══ Data records ══
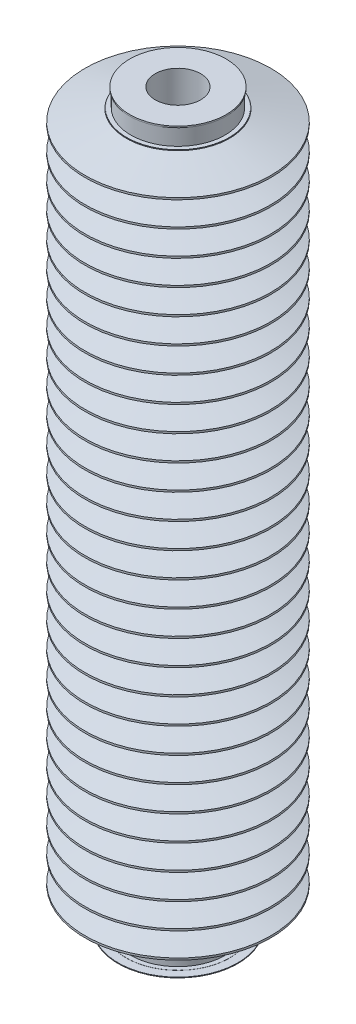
ISO-10303-21;
HEADER;
FILE_DESCRIPTION(('STEP AP214'),'2;1');
FILE_NAME('part.step','',(''),(''),'','','');
FILE_SCHEMA(('AUTOMOTIVE_DESIGN { 1 0 10303 214 1 1 1 1 }'));
ENDSEC;
DATA;
#1=APPLICATION_CONTEXT('core data for automotive mechanical design processes');
#2=APPLICATION_PROTOCOL_DEFINITION('international standard','automotive_design',2000,#1);
#3=PRODUCT_CONTEXT('',#1,'mechanical');
#4=PRODUCT('Part','Part','',(#3));
#5=PRODUCT_RELATED_PRODUCT_CATEGORY('part','',(#4));
#6=PRODUCT_DEFINITION_FORMATION('','',#4);
#7=PRODUCT_DEFINITION_CONTEXT('part definition',#1,'design');
#8=PRODUCT_DEFINITION('design','',#6,#7);
#9=PRODUCT_DEFINITION_SHAPE('','',#8);
#10=(LENGTH_UNIT() NAMED_UNIT(*) SI_UNIT(.MILLI.,.METRE.));
#11=(NAMED_UNIT(*) PLANE_ANGLE_UNIT() SI_UNIT($,.RADIAN.));
#12=(NAMED_UNIT(*) SI_UNIT($,.STERADIAN.) SOLID_ANGLE_UNIT());
#13=UNCERTAINTY_MEASURE_WITH_UNIT(LENGTH_MEASURE(1.E-05),#10,'distance_accuracy_value','');
#14=(GEOMETRIC_REPRESENTATION_CONTEXT(3) GLOBAL_UNCERTAINTY_ASSIGNED_CONTEXT((#13)) GLOBAL_UNIT_ASSIGNED_CONTEXT((#10,
#11,#12)) REPRESENTATION_CONTEXT('',''));
#15=CARTESIAN_POINT('',(0.,0.,0.));
#16=DIRECTION('',(0.,0.,1.));
#17=DIRECTION('',(1.,0.,0.));
#18=AXIS2_PLACEMENT_3D('',#15,#16,#17);
#19=CARTESIAN_POINT('',(25.,0.,0.));
#20=DIRECTION('',(0.,1.,0.));
#21=DIRECTION('',(1.,0.,0.));
#22=AXIS2_PLACEMENT_3D('',#19,#20,#21);
#23=PLANE('',#22);
#24=CARTESIAN_POINT('',(0.,0.,0.));
#25=DIRECTION('',(0.,-1.,0.));
#26=DIRECTION('',(0.,0.,-1.));
#27=AXIS2_PLACEMENT_3D('',#24,#25,#26);
#28=CIRCLE('',#27,25.);
#29=CARTESIAN_POINT('',(0.,0.,-25.));
#30=VERTEX_POINT('',#29);
#31=EDGE_CURVE('E11',#30,#30,#28,.T.);
#32=ORIENTED_EDGE('',*,*,#31,.T.);
#33=EDGE_LOOP('',(#32));
#34=FACE_BOUND('',#33,.T.);
#35=CARTESIAN_POINT('',(0.,0.,0.));
#36=DIRECTION('',(0.,-1.,0.));
#37=DIRECTION('',(0.,0.,-1.));
#38=AXIS2_PLACEMENT_3D('',#35,#36,#37);
#39=CIRCLE('',#38,11.);
#40=CARTESIAN_POINT('',(0.,0.,-11.));
#41=VERTEX_POINT('',#40);
#42=EDGE_CURVE('E701',#41,#41,#39,.T.);
#43=ORIENTED_EDGE('',*,*,#42,.F.);
#44=EDGE_LOOP('',(#43));
#45=FACE_BOUND('',#44,.T.);
#46=ADVANCED_FACE('F16',(#34,#45),#23,.F.);
#47=CARTESIAN_POINT('',(0.,0.,0.));
#48=DIRECTION('',(0.,1.,0.));
#49=DIRECTION('',(0.,0.,-1.));
#50=AXIS2_PLACEMENT_3D('',#47,#48,#49);
#51=CYLINDRICAL_SURFACE('',#50,25.);
#52=CARTESIAN_POINT('',(0.,0.3,0.));
#53=DIRECTION('',(0.,-1.,0.));
#54=DIRECTION('',(0.,0.,-1.));
#55=AXIS2_PLACEMENT_3D('',#52,#53,#54);
#56=CIRCLE('',#55,25.);
#57=CARTESIAN_POINT('',(0.,0.3,-25.));
#58=VERTEX_POINT('',#57);
#59=EDGE_CURVE('E27',#58,#58,#56,.T.);
#60=ORIENTED_EDGE('',*,*,#59,.T.);
#61=EDGE_LOOP('',(#60));
#62=FACE_BOUND('',#61,.T.);
#63=ORIENTED_EDGE('',*,*,#31,.F.);
#64=EDGE_LOOP('',(#63));
#65=FACE_BOUND('',#64,.T.);
#66=ADVANCED_FACE('F785',(#62,#65),#51,.T.);
#67=CARTESIAN_POINT('',(29.,0.3,0.));
#68=DIRECTION('',(0.,1.,0.));
#69=DIRECTION('',(1.,0.,0.));
#70=AXIS2_PLACEMENT_3D('',#67,#68,#69);
#71=PLANE('',#70);
#72=CARTESIAN_POINT('',(0.,0.3,0.));
#73=DIRECTION('',(0.,-1.,0.));
#74=DIRECTION('',(0.,0.,-1.));
#75=AXIS2_PLACEMENT_3D('',#72,#73,#74);
#76=CIRCLE('',#75,29.);
#77=CARTESIAN_POINT('',(0.,0.3,-29.));
#78=VERTEX_POINT('',#77);
#79=EDGE_CURVE('E554',#78,#78,#76,.T.);
#80=ORIENTED_EDGE('',*,*,#79,.T.);
#81=EDGE_LOOP('',(#80));
#82=FACE_BOUND('',#81,.T.);
#83=ORIENTED_EDGE('',*,*,#59,.F.);
#84=EDGE_LOOP('',(#83));
#85=FACE_BOUND('',#84,.T.);
#86=ADVANCED_FACE('F792',(#82,#85),#71,.F.);
#87=CARTESIAN_POINT('',(0.,0.,0.));
#88=DIRECTION('',(0.,1.,0.));
#89=DIRECTION('',(0.,0.,-1.));
#90=AXIS2_PLACEMENT_3D('',#87,#88,#89);
#91=CYLINDRICAL_SURFACE('',#90,29.);
#92=CARTESIAN_POINT('',(0.,0.65,0.));
#93=DIRECTION('',(0.,-1.,0.));
#94=DIRECTION('',(0.,0.,-1.));
#95=AXIS2_PLACEMENT_3D('',#92,#93,#94);
#96=CIRCLE('',#95,29.);
#97=CARTESIAN_POINT('',(0.,0.65,-29.));
#98=VERTEX_POINT('',#97);
#99=EDGE_CURVE('E550',#98,#98,#96,.T.);
#100=ORIENTED_EDGE('',*,*,#99,.T.);
#101=EDGE_LOOP('',(#100));
#102=FACE_BOUND('',#101,.T.);
#103=ORIENTED_EDGE('',*,*,#79,.F.);
#104=EDGE_LOOP('',(#103));
#105=FACE_BOUND('',#104,.T.);
#106=ADVANCED_FACE('F1039',(#102,#105),#91,.T.);
#107=CARTESIAN_POINT('',(25.,0.65,0.));
#108=DIRECTION('',(0.,-1.,0.));
#109=DIRECTION('',(0.,0.,-1.));
#110=AXIS2_PLACEMENT_3D('',#107,#108,#109);
#111=PLANE('',#110);
#112=ORIENTED_EDGE('',*,*,#99,.F.);
#113=EDGE_LOOP('',(#112));
#114=FACE_BOUND('',#113,.T.);
#115=CARTESIAN_POINT('',(0.,0.65,0.));
#116=DIRECTION('',(0.,-1.,0.));
#117=DIRECTION('',(0.,0.,-1.));
#118=AXIS2_PLACEMENT_3D('',#115,#116,#117);
#119=CIRCLE('',#118,25.);
#120=CARTESIAN_POINT('',(0.,0.65,-25.));
#121=VERTEX_POINT('',#120);
#122=EDGE_CURVE('E555',#121,#121,#119,.T.);
#123=ORIENTED_EDGE('',*,*,#122,.T.);
#124=EDGE_LOOP('',(#123));
#125=FACE_BOUND('',#124,.T.);
#126=ADVANCED_FACE('F1282',(#114,#125),#111,.F.);
#127=CARTESIAN_POINT('',(0.,0.,0.));
#128=DIRECTION('',(0.,1.,0.));
#129=DIRECTION('',(0.,0.,-1.));
#130=AXIS2_PLACEMENT_3D('',#127,#128,#129);
#131=CYLINDRICAL_SURFACE('',#130,25.);
#132=CARTESIAN_POINT('',(0.,0.7,0.));
#133=DIRECTION('',(0.,-1.,0.));
#134=DIRECTION('',(0.,0.,-1.));
#135=AXIS2_PLACEMENT_3D('',#132,#133,#134);
#136=CIRCLE('',#135,25.);
#137=CARTESIAN_POINT('',(0.,0.7,-25.));
#138=VERTEX_POINT('',#137);
#139=EDGE_CURVE('E560',#138,#138,#136,.T.);
#140=ORIENTED_EDGE('',*,*,#139,.T.);
#141=EDGE_LOOP('',(#140));
#142=FACE_BOUND('',#141,.T.);
#143=ORIENTED_EDGE('',*,*,#122,.F.);
#144=EDGE_LOOP('',(#143));
#145=FACE_BOUND('',#144,.T.);
#146=ADVANCED_FACE('F1105',(#142,#145),#131,.T.);
#147=CARTESIAN_POINT('',(22.85,0.7,0.));
#148=DIRECTION('',(0.,-1.,0.));
#149=DIRECTION('',(0.,0.,-1.));
#150=AXIS2_PLACEMENT_3D('',#147,#148,#149);
#151=PLANE('',#150);
#152=ORIENTED_EDGE('',*,*,#139,.F.);
#153=EDGE_LOOP('',(#152));
#154=FACE_BOUND('',#153,.T.);
#155=CARTESIAN_POINT('',(0.,0.7,0.));
#156=DIRECTION('',(0.,-1.,0.));
#157=DIRECTION('',(0.,0.,-1.));
#158=AXIS2_PLACEMENT_3D('',#155,#156,#157);
#159=CIRCLE('',#158,22.85);
#160=CARTESIAN_POINT('',(0.,0.7,-22.85));
#161=VERTEX_POINT('',#160);
#162=EDGE_CURVE('E556',#161,#161,#159,.T.);
#163=ORIENTED_EDGE('',*,*,#162,.T.);
#164=EDGE_LOOP('',(#163));
#165=FACE_BOUND('',#164,.T.);
#166=ADVANCED_FACE('F1094',(#154,#165),#151,.F.);
#167=CARTESIAN_POINT('',(0.,0.,0.));
#168=DIRECTION('',(0.,1.,0.));
#169=DIRECTION('',(0.,0.,-1.));
#170=AXIS2_PLACEMENT_3D('',#167,#168,#169);
#171=CYLINDRICAL_SURFACE('',#170,22.85);
#172=CARTESIAN_POINT('',(0.,12.95,0.));
#173=DIRECTION('',(0.,-1.,0.));
#174=DIRECTION('',(0.,0.,-1.));
#175=AXIS2_PLACEMENT_3D('',#172,#173,#174);
#176=CIRCLE('',#175,22.85);
#177=CARTESIAN_POINT('',(0.,12.95,-22.85));
#178=VERTEX_POINT('',#177);
#179=EDGE_CURVE('E561',#178,#178,#176,.T.);
#180=ORIENTED_EDGE('',*,*,#179,.T.);
#181=EDGE_LOOP('',(#180));
#182=FACE_BOUND('',#181,.T.);
#183=ORIENTED_EDGE('',*,*,#162,.F.);
#184=EDGE_LOOP('',(#183));
#185=FACE_BOUND('',#184,.T.);
#186=ADVANCED_FACE('F1090',(#182,#185),#171,.T.);
#187=CARTESIAN_POINT('',(24.85,12.95,0.));
#188=DIRECTION('',(0.,1.,0.));
#189=DIRECTION('',(1.,0.,0.));
#190=AXIS2_PLACEMENT_3D('',#187,#188,#189);
#191=PLANE('',#190);
#192=CARTESIAN_POINT('',(0.,12.95,0.));
#193=DIRECTION('',(0.,-1.,0.));
#194=DIRECTION('',(0.,0.,-1.));
#195=AXIS2_PLACEMENT_3D('',#192,#193,#194);
#196=CIRCLE('',#195,24.85);
#197=CARTESIAN_POINT('',(0.,12.95,-24.85));
#198=VERTEX_POINT('',#197);
#199=EDGE_CURVE('E620',#198,#198,#196,.T.);
#200=ORIENTED_EDGE('',*,*,#199,.T.);
#201=EDGE_LOOP('',(#200));
#202=FACE_BOUND('',#201,.T.);
#203=ORIENTED_EDGE('',*,*,#179,.F.);
#204=EDGE_LOOP('',(#203));
#205=FACE_BOUND('',#204,.T.);
#206=ADVANCED_FACE('F1093',(#202,#205),#191,.F.);
#207=CARTESIAN_POINT('',(0.,0.,0.));
#208=DIRECTION('',(0.,1.,0.));
#209=DIRECTION('',(0.,0.,-1.));
#210=AXIS2_PLACEMENT_3D('',#207,#208,#209);
#211=CYLINDRICAL_SURFACE('',#210,24.85);
#212=CARTESIAN_POINT('',(0.,13.4339,0.));
#213=DIRECTION('',(0.,-1.,0.));
#214=DIRECTION('',(0.,0.,-1.));
#215=AXIS2_PLACEMENT_3D('',#212,#213,#214);
#216=CIRCLE('',#215,24.85);
#217=CARTESIAN_POINT('',(0.,13.4339,-24.85));
#218=VERTEX_POINT('',#217);
#219=EDGE_CURVE('E566',#218,#218,#216,.T.);
#220=ORIENTED_EDGE('',*,*,#219,.T.);
#221=EDGE_LOOP('',(#220));
#222=FACE_BOUND('',#221,.T.);
#223=ORIENTED_EDGE('',*,*,#199,.F.);
#224=EDGE_LOOP('',(#223));
#225=FACE_BOUND('',#224,.T.);
#226=ADVANCED_FACE('F1177',(#222,#225),#211,.T.);
#227=CARTESIAN_POINT('',(0.,344.56557,0.));
#228=DIRECTION('',(0.,-1.,0.));
#229=DIRECTION('',(0.,0.,-1.));
#230=AXIS2_PLACEMENT_3D('',#227,#228,#229);
#231=PLANE('',#230);
#232=CARTESIAN_POINT('',(0.,344.56557,0.));
#233=DIRECTION('',(0.,-1.,0.));
#234=DIRECTION('',(0.,0.,-1.));
#235=AXIS2_PLACEMENT_3D('',#232,#233,#234);
#236=CIRCLE('',#235,25.0491794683);
#237=CARTESIAN_POINT('',(0.,344.56557,-25.0491794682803));
#238=VERTEX_POINT('',#237);
#239=EDGE_CURVE('E567',#238,#238,#236,.T.);
#240=ORIENTED_EDGE('',*,*,#239,.F.);
#241=EDGE_LOOP('',(#240));
#242=FACE_BOUND('',#241,.T.);
#243=CARTESIAN_POINT('',(0.,344.56557,0.));
#244=DIRECTION('',(0.,-1.,0.));
#245=DIRECTION('',(0.,0.,-1.));
#246=AXIS2_PLACEMENT_3D('',#243,#244,#245);
#247=CIRCLE('',#246,24.85);
#248=CARTESIAN_POINT('',(0.,344.56557,-24.85));
#249=VERTEX_POINT('',#248);
#250=EDGE_CURVE('E562',#249,#249,#247,.T.);
#251=ORIENTED_EDGE('',*,*,#250,.T.);
#252=EDGE_LOOP('',(#251));
#253=FACE_BOUND('',#252,.T.);
#254=ADVANCED_FACE('F1180',(#242,#253),#231,.F.);
#255=CARTESIAN_POINT('',(0.,344.56557,0.));
#256=DIRECTION('',(0.,-1.,0.));
#257=DIRECTION('',(0.,0.,-1.));
#258=AXIS2_PLACEMENT_3D('',#255,#256,#257);
#259=CONICAL_SURFACE('',#258,25.0491794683,1.298138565);
#260=CARTESIAN_POINT('',(0.,338.98689,0.));
#261=DIRECTION('',(0.,-1.,0.));
#262=DIRECTION('',(0.,0.,-1.));
#263=AXIS2_PLACEMENT_3D('',#260,#261,#262);
#264=CIRCLE('',#263,45.);
#265=CARTESIAN_POINT('',(0.,338.98689,-45.));
#266=VERTEX_POINT('',#265);
#267=EDGE_CURVE('E901',#266,#266,#264,.T.);
#268=ORIENTED_EDGE('',*,*,#267,.F.);
#269=EDGE_LOOP('',(#268));
#270=FACE_BOUND('',#269,.T.);
#271=ORIENTED_EDGE('',*,*,#239,.T.);
#272=EDGE_LOOP('',(#271));
#273=FACE_BOUND('',#272,.T.);
#274=ADVANCED_FACE('F1200',(#270,#273),#259,.T.);
#275=CARTESIAN_POINT('',(0.,13.4339,0.));
#276=DIRECTION('',(0.,1.,0.));
#277=DIRECTION('',(0.,0.,-1.));
#278=AXIS2_PLACEMENT_3D('',#275,#276,#277);
#279=CYLINDRICAL_SURFACE('',#278,45.);
#280=ORIENTED_EDGE('',*,*,#267,.T.);
#281=EDGE_LOOP('',(#280));
#282=FACE_BOUND('',#281,.T.);
#283=CARTESIAN_POINT('',(0.,338.055722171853,0.));
#284=DIRECTION('',(0.,-1.,0.));
#285=DIRECTION('',(0.,0.,-1.));
#286=AXIS2_PLACEMENT_3D('',#283,#284,#285);
#287=CIRCLE('',#286,45.);
#288=CARTESIAN_POINT('',(0.,338.055722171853,-45.));
#289=VERTEX_POINT('',#288);
#290=EDGE_CURVE('E905',#289,#289,#287,.T.);
#291=ORIENTED_EDGE('',*,*,#290,.F.);
#292=EDGE_LOOP('',(#291));
#293=FACE_BOUND('',#292,.T.);
#294=ADVANCED_FACE('F804',(#282,#293),#279,.T.);
#295=CARTESIAN_POINT('',(0.,338.055722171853,0.));
#296=DIRECTION('',(0.,1.,0.));
#297=DIRECTION('',(0.,0.,1.));
#298=AXIS2_PLACEMENT_3D('',#295,#296,#297);
#299=CONICAL_SURFACE('',#298,45.,1.298140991);
#300=ORIENTED_EDGE('',*,*,#290,.T.);
#301=EDGE_LOOP('',(#300));
#302=FACE_BOUND('',#301,.T.);
#303=CARTESIAN_POINT('',(0.,332.4214,0.));
#304=DIRECTION('',(0.,-1.,0.));
#305=DIRECTION('',(0.,0.,-1.));
#306=AXIS2_PLACEMENT_3D('',#303,#304,#305);
#307=CIRCLE('',#306,24.85);
#308=CARTESIAN_POINT('',(0.,332.4214,-24.85));
#309=VERTEX_POINT('',#308);
#310=EDGE_CURVE('E677',#309,#309,#307,.T.);
#311=ORIENTED_EDGE('',*,*,#310,.F.);
#312=EDGE_LOOP('',(#311));
#313=FACE_BOUND('',#312,.T.);
#314=ADVANCED_FACE('F800',(#302,#313),#299,.T.);
#315=CARTESIAN_POINT('',(0.,13.4339,0.));
#316=DIRECTION('',(0.,1.,0.));
#317=DIRECTION('',(0.,0.,-1.));
#318=AXIS2_PLACEMENT_3D('',#315,#316,#317);
#319=CYLINDRICAL_SURFACE('',#318,24.85);
#320=ORIENTED_EDGE('',*,*,#310,.T.);
#321=EDGE_LOOP('',(#320));
#322=FACE_BOUND('',#321,.T.);
#323=CARTESIAN_POINT('',(0.,332.35251487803,0.));
#324=DIRECTION('',(0.,-1.,0.));
#325=DIRECTION('',(0.,0.,-1.));
#326=AXIS2_PLACEMENT_3D('',#323,#324,#325);
#327=CIRCLE('',#326,24.85);
#328=CARTESIAN_POINT('',(0.,332.35251487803,-24.85));
#329=VERTEX_POINT('',#328);
#330=EDGE_CURVE('E468',#329,#329,#327,.T.);
#331=ORIENTED_EDGE('',*,*,#330,.F.);
#332=EDGE_LOOP('',(#331));
#333=FACE_BOUND('',#332,.T.);
#334=ADVANCED_FACE('F803',(#322,#333),#319,.T.);
#335=CARTESIAN_POINT('',(0.,332.35251487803,0.));
#336=DIRECTION('',(0.,-1.,0.));
#337=DIRECTION('',(0.,0.,-1.));
#338=AXIS2_PLACEMENT_3D('',#335,#336,#337);
#339=CONICAL_SURFACE('',#338,24.85,1.298138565);
#340=CARTESIAN_POINT('',(0.,326.71814,0.));
#341=DIRECTION('',(0.,-1.,0.));
#342=DIRECTION('',(0.,0.,-1.));
#343=AXIS2_PLACEMENT_3D('',#340,#341,#342);
#344=CIRCLE('',#343,45.);
#345=CARTESIAN_POINT('',(0.,326.71814,-45.));
#346=VERTEX_POINT('',#345);
#347=EDGE_CURVE('E420',#346,#346,#344,.T.);
#348=ORIENTED_EDGE('',*,*,#347,.F.);
#349=EDGE_LOOP('',(#348));
#350=FACE_BOUND('',#349,.T.);
#351=ORIENTED_EDGE('',*,*,#330,.T.);
#352=EDGE_LOOP('',(#351));
#353=FACE_BOUND('',#352,.T.);
#354=ADVANCED_FACE('F1078',(#350,#353),#339,.T.);
#355=CARTESIAN_POINT('',(0.,13.4339,0.));
#356=DIRECTION('',(0.,1.,0.));
#357=DIRECTION('',(0.,0.,-1.));
#358=AXIS2_PLACEMENT_3D('',#355,#356,#357);
#359=CYLINDRICAL_SURFACE('',#358,45.);
#360=ORIENTED_EDGE('',*,*,#347,.T.);
#361=EDGE_LOOP('',(#360));
#362=FACE_BOUND('',#361,.T.);
#363=CARTESIAN_POINT('',(0.,325.786972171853,0.));
#364=DIRECTION('',(0.,-1.,0.));
#365=DIRECTION('',(0.,0.,-1.));
#366=AXIS2_PLACEMENT_3D('',#363,#364,#365);
#367=CIRCLE('',#366,45.);
#368=CARTESIAN_POINT('',(0.,325.786972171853,-45.));
#369=VERTEX_POINT('',#368);
#370=EDGE_CURVE('E411',#369,#369,#367,.T.);
#371=ORIENTED_EDGE('',*,*,#370,.F.);
#372=EDGE_LOOP('',(#371));
#373=FACE_BOUND('',#372,.T.);
#374=ADVANCED_FACE('F1074',(#362,#373),#359,.T.);
#375=CARTESIAN_POINT('',(0.,325.786972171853,0.));
#376=DIRECTION('',(0.,1.,0.));
#377=DIRECTION('',(0.,0.,1.));
#378=AXIS2_PLACEMENT_3D('',#375,#376,#377);
#379=CONICAL_SURFACE('',#378,45.,1.298140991);
#380=ORIENTED_EDGE('',*,*,#370,.T.);
#381=EDGE_LOOP('',(#380));
#382=FACE_BOUND('',#381,.T.);
#383=CARTESIAN_POINT('',(0.,320.15265,0.));
#384=DIRECTION('',(0.,-1.,0.));
#385=DIRECTION('',(0.,0.,-1.));
#386=AXIS2_PLACEMENT_3D('',#383,#384,#385);
#387=CIRCLE('',#386,24.85);
#388=CARTESIAN_POINT('',(0.,320.15265,-24.85));
#389=VERTEX_POINT('',#388);
#390=EDGE_CURVE('E473',#389,#389,#387,.T.);
#391=ORIENTED_EDGE('',*,*,#390,.F.);
#392=EDGE_LOOP('',(#391));
#393=FACE_BOUND('',#392,.T.);
#394=ADVANCED_FACE('F1077',(#382,#393),#379,.T.);
#395=CARTESIAN_POINT('',(0.,13.4339,0.));
#396=DIRECTION('',(0.,1.,0.));
#397=DIRECTION('',(0.,0.,-1.));
#398=AXIS2_PLACEMENT_3D('',#395,#396,#397);
#399=CYLINDRICAL_SURFACE('',#398,24.85);
#400=ORIENTED_EDGE('',*,*,#390,.T.);
#401=EDGE_LOOP('',(#400));
#402=FACE_BOUND('',#401,.T.);
#403=CARTESIAN_POINT('',(0.,320.08376487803,0.));
#404=DIRECTION('',(0.,-1.,0.));
#405=DIRECTION('',(0.,0.,-1.));
#406=AXIS2_PLACEMENT_3D('',#403,#404,#405);
#407=CIRCLE('',#406,24.85);
#408=CARTESIAN_POINT('',(0.,320.08376487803,-24.85));
#409=VERTEX_POINT('',#408);
#410=EDGE_CURVE('E477',#409,#409,#407,.T.);
#411=ORIENTED_EDGE('',*,*,#410,.F.);
#412=EDGE_LOOP('',(#411));
#413=FACE_BOUND('',#412,.T.);
#414=ADVANCED_FACE('F1150',(#402,#413),#399,.T.);
#415=CARTESIAN_POINT('',(0.,320.08376487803,0.));
#416=DIRECTION('',(0.,-1.,0.));
#417=DIRECTION('',(0.,0.,-1.));
#418=AXIS2_PLACEMENT_3D('',#415,#416,#417);
#419=CONICAL_SURFACE('',#418,24.85,1.298138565);
#420=CARTESIAN_POINT('',(0.,314.44939,0.));
#421=DIRECTION('',(0.,-1.,0.));
#422=DIRECTION('',(0.,0.,-1.));
#423=AXIS2_PLACEMENT_3D('',#420,#421,#422);
#424=CIRCLE('',#423,45.);
#425=CARTESIAN_POINT('',(0.,314.44939,-45.));
#426=VERTEX_POINT('',#425);
#427=EDGE_CURVE('E919',#426,#426,#424,.T.);
#428=ORIENTED_EDGE('',*,*,#427,.F.);
#429=EDGE_LOOP('',(#428));
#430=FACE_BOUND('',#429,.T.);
═══
▶ _What needs to be done_:
Reproduce exactly the stretch of the material above that starts at the line with "#360=ORIENTED_EDGE('',*,*,#347,.T.);" and ends at the line with "#372=EDGE_LOOP('',(#371));", both included, and nothing else.

▶ _Solution to the exercise_:
#360=ORIENTED_EDGE('',*,*,#347,.T.);
#361=EDGE_LOOP('',(#360));
#362=FACE_BOUND('',#361,.T.);
#363=CARTESIAN_POINT('',(0.,325.786972171853,0.));
#364=DIRECTION('',(0.,-1.,0.));
#365=DIRECTION('',(0.,0.,-1.));
#366=AXIS2_PLACEMENT_3D('',#363,#364,#365);
#367=CIRCLE('',#366,45.);
#368=CARTESIAN_POINT('',(0.,325.786972171853,-45.));
#369=VERTEX_POINT('',#368);
#370=EDGE_CURVE('E411',#369,#369,#367,.T.);
#371=ORIENTED_EDGE('',*,*,#370,.F.);
#372=EDGE_LOOP('',(#371));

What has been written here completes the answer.